**WHAT TO PRODUCE**
Go through the entries and transcribe each one exactly, dropping the pictures.

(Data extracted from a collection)

....

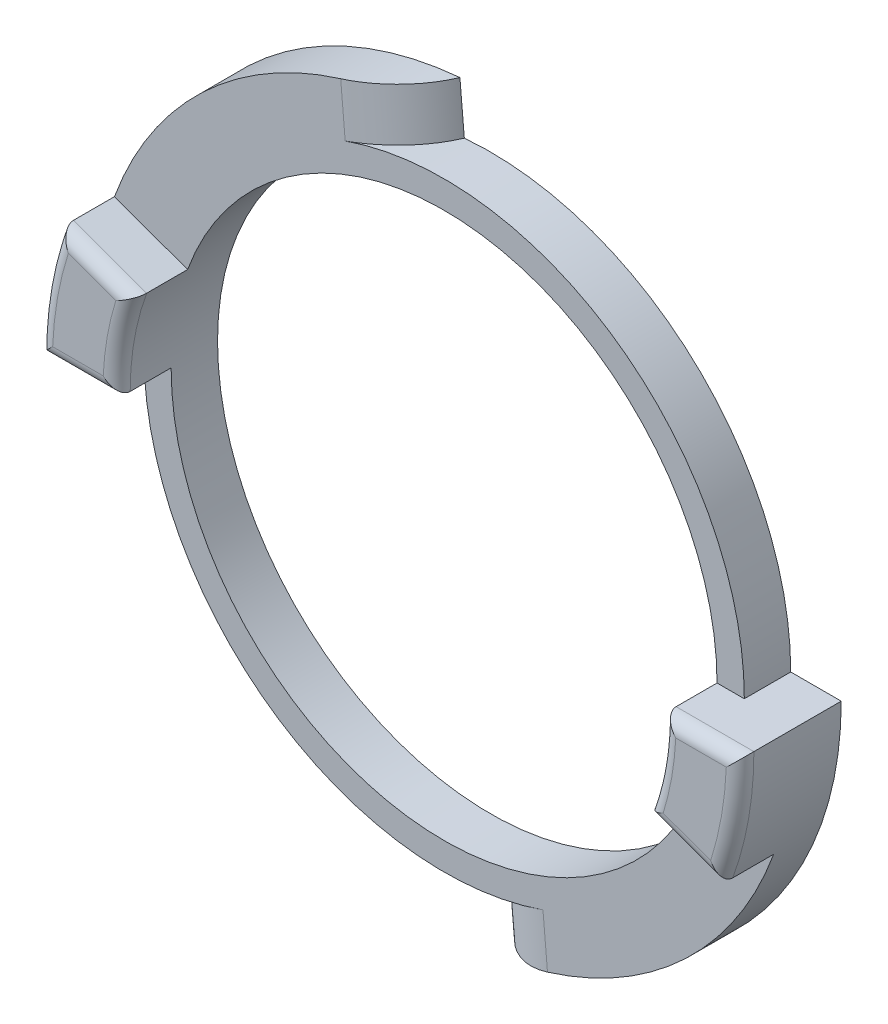
from build123d import *

# Parameters (mm, degrees)
BOSS_EXTRUDE1_DEPTH = 1.7
FILLET1_R           = 3
BOSS_EXTRUDE2_DEPTH = 2
FILLET2_R           = 0.5


with BuildPart() as part:
    # Sketch1 → Boss-Extrude1 (new body)
    with BuildSketch(Plane.XY):
        with BuildLine():
            ThreePointArc((-11, 0), (-8.110050705, 7.431492284), (-0.95871317, 10.958141679))
            Line((-0.95871317, 10.958141679), (-1.119951294, 12.80110187))
            ThreePointArc((-1.119951294, 12.80110187), (-9.474013778, 8.681334168), (-12.85, 0))
            Line((-12.85, 0), (-11, 0))
        make_face()
        with BuildLine():
            ThreePointArc((-10, 0), (-7.372773368, 6.755902076), (-0.871557427, 9.961946981))
            Line((-0.871557427, 9.961946981), (-0.95871317, 10.958141679))
            ThreePointArc((-0.95871317, 10.958141679), (-8.110050705, 7.431492284), (-11, 0))
            Line((-11, 0), (-10, 0))
        make_face()
        with BuildLine():
            Line((-0.95871317, 10.958141679), (-0.871557427, 9.961946981))
            ThreePointArc((-0.871557427, 9.961946981), (6.755902076, 7.372773368), (10, 0))
            Line((10, 0), (11, 0))
            ThreePointArc((11, 0), (7.431492284, 8.110050705), (-0.95871317, 10.958141679))
        make_face()
        with BuildLine():
            ThreePointArc((10, 0), (7.372773368, -6.755902076), (0.871557427, -9.961946981))
            Line((0.871557427, -9.961946981), (0.95871317, -10.958141679))
            ThreePointArc((0.95871317, -10.958141679), (8.110050705, -7.431492284), (11, 0))
            Line((11, 0), (10, 0))
        make_face()
        with BuildLine():
            Line((0.95871317, -10.958141679), (0.871557427, -9.961946981))
            ThreePointArc((0.871557427, -9.961946981), (-6.755902076, -7.372773368), (-10, 0))
            Line((-10, 0), (-11, 0))
            ThreePointArc((-11, 0), (-7.431492284, -8.110050705), (0.95871317, -10.958141679))
        make_face()
        with BuildLine():
            ThreePointArc((11, 0), (8.110050705, -7.431492284), (0.95871317, -10.958141679))
            Line((0.95871317, -10.958141679), (1.119951294, -12.80110187))
            ThreePointArc((1.119951294, -12.80110187), (9.474013778, -8.681334168), (12.85, 0))
            Line((12.85, 0), (11, 0))
        make_face()
    extrude(amount=BOSS_EXTRUDE1_DEPTH)

    # Fillet1
    # the kernel refuses this fillet: 3 mm, written as the material it takes off along each edge
    with BuildSketch(Plane(origin=(0.369605462, -4.22460976, 1.7), x_dir=(0.9961946980917454, 0.08715574274765832, 0), z_dir=(0.08715574274765833, -0.9961946980917455, 0))) as fillet1_piece_1_section:
        with BuildLine():
            CenterArc((2.703701167, -3), FILLET1_R, 90, 64.320711381)
            Line((0, -1.7), (0, 0))
            Line((0, 0), (2.703701167, 0))
        make_face()
    fillet1_piece_1 = extrude(amount=15.368505835, mode=Mode.PRIVATE)
    fillet1_piece_1 = fillet1_piece_1 - Plane(origin=(0, 0, 1.24476439), x_dir=(1, 0, 0), z_dir=(0, 0, -1)) * Cylinder(11, 42, mode=Mode.PRIVATE)
    add(fillet1_piece_1, mode=Mode.SUBTRACT)
    with BuildSketch(Plane(origin=(-1.709059003, 19.53463379, 1.7), x_dir=(0, 0, -1), z_dir=(0.08715574274761673, -0.9961946980917492, 0))) as fillet1_piece_2_section:
        with BuildLine():
            CenterArc((3, -2.703701167), FILLET1_R, 115.679288619, 64.320711381)
            Line((0, -2.703701167), (0, 0))
            Line((0, 0), (1.7, 0))
        make_face()
    fillet1_piece_2 = extrude(amount=15.368505835, mode=Mode.PRIVATE)
    fillet1_piece_2 = fillet1_piece_2 - Plane(origin=(0, 0, 1.24476439), x_dir=(1, 0, 0), z_dir=(0, 0, -1)) * Cylinder(11, 42, mode=Mode.PRIVATE)
    add(fillet1_piece_2, mode=Mode.SUBTRACT)

    # Sketch2 → Boss-Extrude2 (add)
    with BuildSketch(Plane.XY.offset(1.7)):
        with BuildLine():
            Line((-12.85, 0), (-11, 0))
            Line((-11, 0), (-10, 0))
            ThreePointArc((-10, 0), (-9.84807753, 1.736481777), (-9.396926208, 3.420201433))
            Line((-9.396926208, 3.420201433), (-12.075050177, 4.394958842))
            ThreePointArc((-12.075050177, 4.394958842), (-12.654779626, 2.231379083), (-12.85, 0))
        make_face()
        with BuildLine():
            ThreePointArc((10, 0), (9.84807753, -1.736481777), (9.396926208, -3.420201433))
            Line((9.396926208, -3.420201433), (12.075050177, -4.394958842))
            ThreePointArc((12.075050177, -4.394958842), (12.654779626, -2.231379083), (12.85, 0))
            Line((12.85, 0), (11, 0))
            Line((11, 0), (10, 0))
        make_face()
    extrude(amount=BOSS_EXTRUDE2_DEPTH)

    # Fillet2
    fillet2_edges = [part.edges().sort_by_distance(p)[0] for p in [
        (-9.84807753, 1.736481777, 3.7),
        (-10.735988192, 3.907580137, 3.7),
        (-12.654779626, 2.231379083, 3.7),
        (-11.425, 0, 3.7),
        (9.84807753, -1.736481777, 3.7),
        (10.735988192, -3.907580137, 3.7),
        (12.654779626, -2.231379083, 3.7),
        (11.425, 0, 3.7),
    ]]
    fillet(fillet2_edges, radius=FILLET2_R)


solid = part.part

....

**RESPONSE FOR THIS EXERCISE**
from build123d import *

# Parameters (mm, degrees)
BOSS_EXTRUDE1_DEPTH = 1.7
FILLET1_R           = 3
BOSS_EXTRUDE2_DEPTH = 2
FILLET2_R           = 0.5


with BuildPart() as part:
    # Sketch1 → Boss-Extrude1 (new body)
    with BuildSketch(Plane.XY):
        with BuildLine():
            ThreePointArc((-11, 0), (-8.110050705, 7.431492284), (-0.95871317, 10.958141679))
            Line((-0.95871317, 10.958141679), (-1.119951294, 12.80110187))
            ThreePointArc((-1.119951294, 12.80110187), (-9.474013778, 8.681334168), (-12.85, 0))
            Line((-12.85, 0), (-11, 0))
        make_face()
        with BuildLine():
            ThreePointArc((-10, 0), (-7.372773368, 6.755902076), (-0.871557427, 9.961946981))
            Line((-0.871557427, 9.961946981), (-0.95871317, 10.958141679))
            ThreePointArc((-0.95871317, 10.958141679), (-8.110050705, 7.431492284), (-11, 0))
            Line((-11, 0), (-10, 0))
        make_face()
        with BuildLine():
            Line((-0.95871317, 10.958141679), (-0.871557427, 9.961946981))
            ThreePointArc((-0.871557427, 9.961946981), (6.755902076, 7.372773368), (10, 0))
            Line((10, 0), (11, 0))
            ThreePointArc((11, 0), (7.431492284, 8.110050705), (-0.95871317, 10.958141679))
        make_face()
        with BuildLine():
            ThreePointArc((10, 0), (7.372773368, -6.755902076), (0.871557427, -9.961946981))
            Line((0.871557427, -9.961946981), (0.95871317, -10.958141679))
            ThreePointArc((0.95871317, -10.958141679), (8.110050705, -7.431492284), (11, 0))
            Line((11, 0), (10, 0))
        make_face()
        with BuildLine():
            Line((0.95871317, -10.958141679), (0.871557427, -9.961946981))
            ThreePointArc((0.871557427, -9.961946981), (-6.755902076, -7.372773368), (-10, 0))
            Line((-10, 0), (-11, 0))
            ThreePointArc((-11, 0), (-7.431492284, -8.110050705), (0.95871317, -10.958141679))
        make_face()
        with BuildLine():
            ThreePointArc((11, 0), (8.110050705, -7.431492284), (0.95871317, -10.958141679))
            Line((0.95871317, -10.958141679), (1.119951294, -12.80110187))
            ThreePointArc((1.119951294, -12.80110187), (9.474013778, -8.681334168), (12.85, 0))
            Line((12.85, 0), (11, 0))
        make_face()
    extrude(amount=BOSS_EXTRUDE1_DEPTH)

    # Fillet1
    # the kernel refuses this fillet: 3 mm, written as the material it takes off along each edge
    with BuildSketch(Plane(origin=(0.369605462, -4.22460976, 1.7), x_dir=(0.9961946980917454, 0.08715574274765832, 0), z_dir=(0.08715574274765833, -0.9961946980917455, 0))) as fillet1_piece_1_section:
        with BuildLine():
            CenterArc((2.703701167, -3), FILLET1_R, 90, 64.320711381)
            Line((0, -1.7), (0, 0))
            Line((0, 0), (2.703701167, 0))
        make_face()
    fillet1_piece_1 = extrude(amount=15.368505835, mode=Mode.PRIVATE)
    fillet1_piece_1 = fillet1_piece_1 - Plane(origin=(0, 0, 1.24476439), x_dir=(1, 0, 0), z_dir=(0, 0, -1)) * Cylinder(11, 42, mode=Mode.PRIVATE)
    add(fillet1_piece_1, mode=Mode.SUBTRACT)
    with BuildSketch(Plane(origin=(-1.709059003, 19.53463379, 1.7), x_dir=(0, 0, -1), z_dir=(0.08715574274761673, -0.9961946980917492, 0))) as fillet1_piece_2_section:
        with BuildLine():
            CenterArc((3, -2.703701167), FILLET1_R, 115.679288619, 64.320711381)
            Line((0, -2.703701167), (0, 0))
            Line((0, 0), (1.7, 0))
        make_face()
    fillet1_piece_2 = extrude(amount=15.368505835, mode=Mode.PRIVATE)
    fillet1_piece_2 = fillet1_piece_2 - Plane(origin=(0, 0, 1.24476439), x_dir=(1, 0, 0), z_dir=(0, 0, -1)) * Cylinder(11, 42, mode=Mode.PRIVATE)
    add(fillet1_piece_2, mode=Mode.SUBTRACT)

    # Sketch2 → Boss-Extrude2 (add)
    with BuildSketch(Plane.XY.offset(1.7)):
        with BuildLine():
            Line((-12.85, 0), (-11, 0))
            Line((-11, 0), (-10, 0))
            ThreePointArc((-10, 0), (-9.84807753, 1.736481777), (-9.396926208, 3.420201433))
            Line((-9.396926208, 3.420201433), (-12.075050177, 4.394958842))
            ThreePointArc((-12.075050177, 4.394958842), (-12.654779626, 2.231379083), (-12.85, 0))
        make_face()
        with BuildLine():
            ThreePointArc((10, 0), (9.84807753, -1.736481777), (9.396926208, -3.420201433))
            Line((9.396926208, -3.420201433), (12.075050177, -4.394958842))
            ThreePointArc((12.075050177, -4.394958842), (12.654779626, -2.231379083), (12.85, 0))
            Line((12.85, 0), (11, 0))
            Line((11, 0), (10, 0))
        make_face()
    extrude(amount=BOSS_EXTRUDE2_DEPTH)

    # Fillet2
    fillet2_edges = [part.edges().sort_by_distance(p)[0] for p in [
        (-9.84807753, 1.736481777, 3.7),
        (-10.735988192, 3.907580137, 3.7),
        (-12.654779626, 2.231379083, 3.7),
        (-11.425, 0, 3.7),
        (9.84807753, -1.736481777, 3.7),
        (10.735988192, -3.907580137, 3.7),
        (12.654779626, -2.231379083, 3.7),
        (11.425, 0, 3.7),
    ]]
    fillet(fillet2_edges, radius=FILLET2_R)


solid = part.part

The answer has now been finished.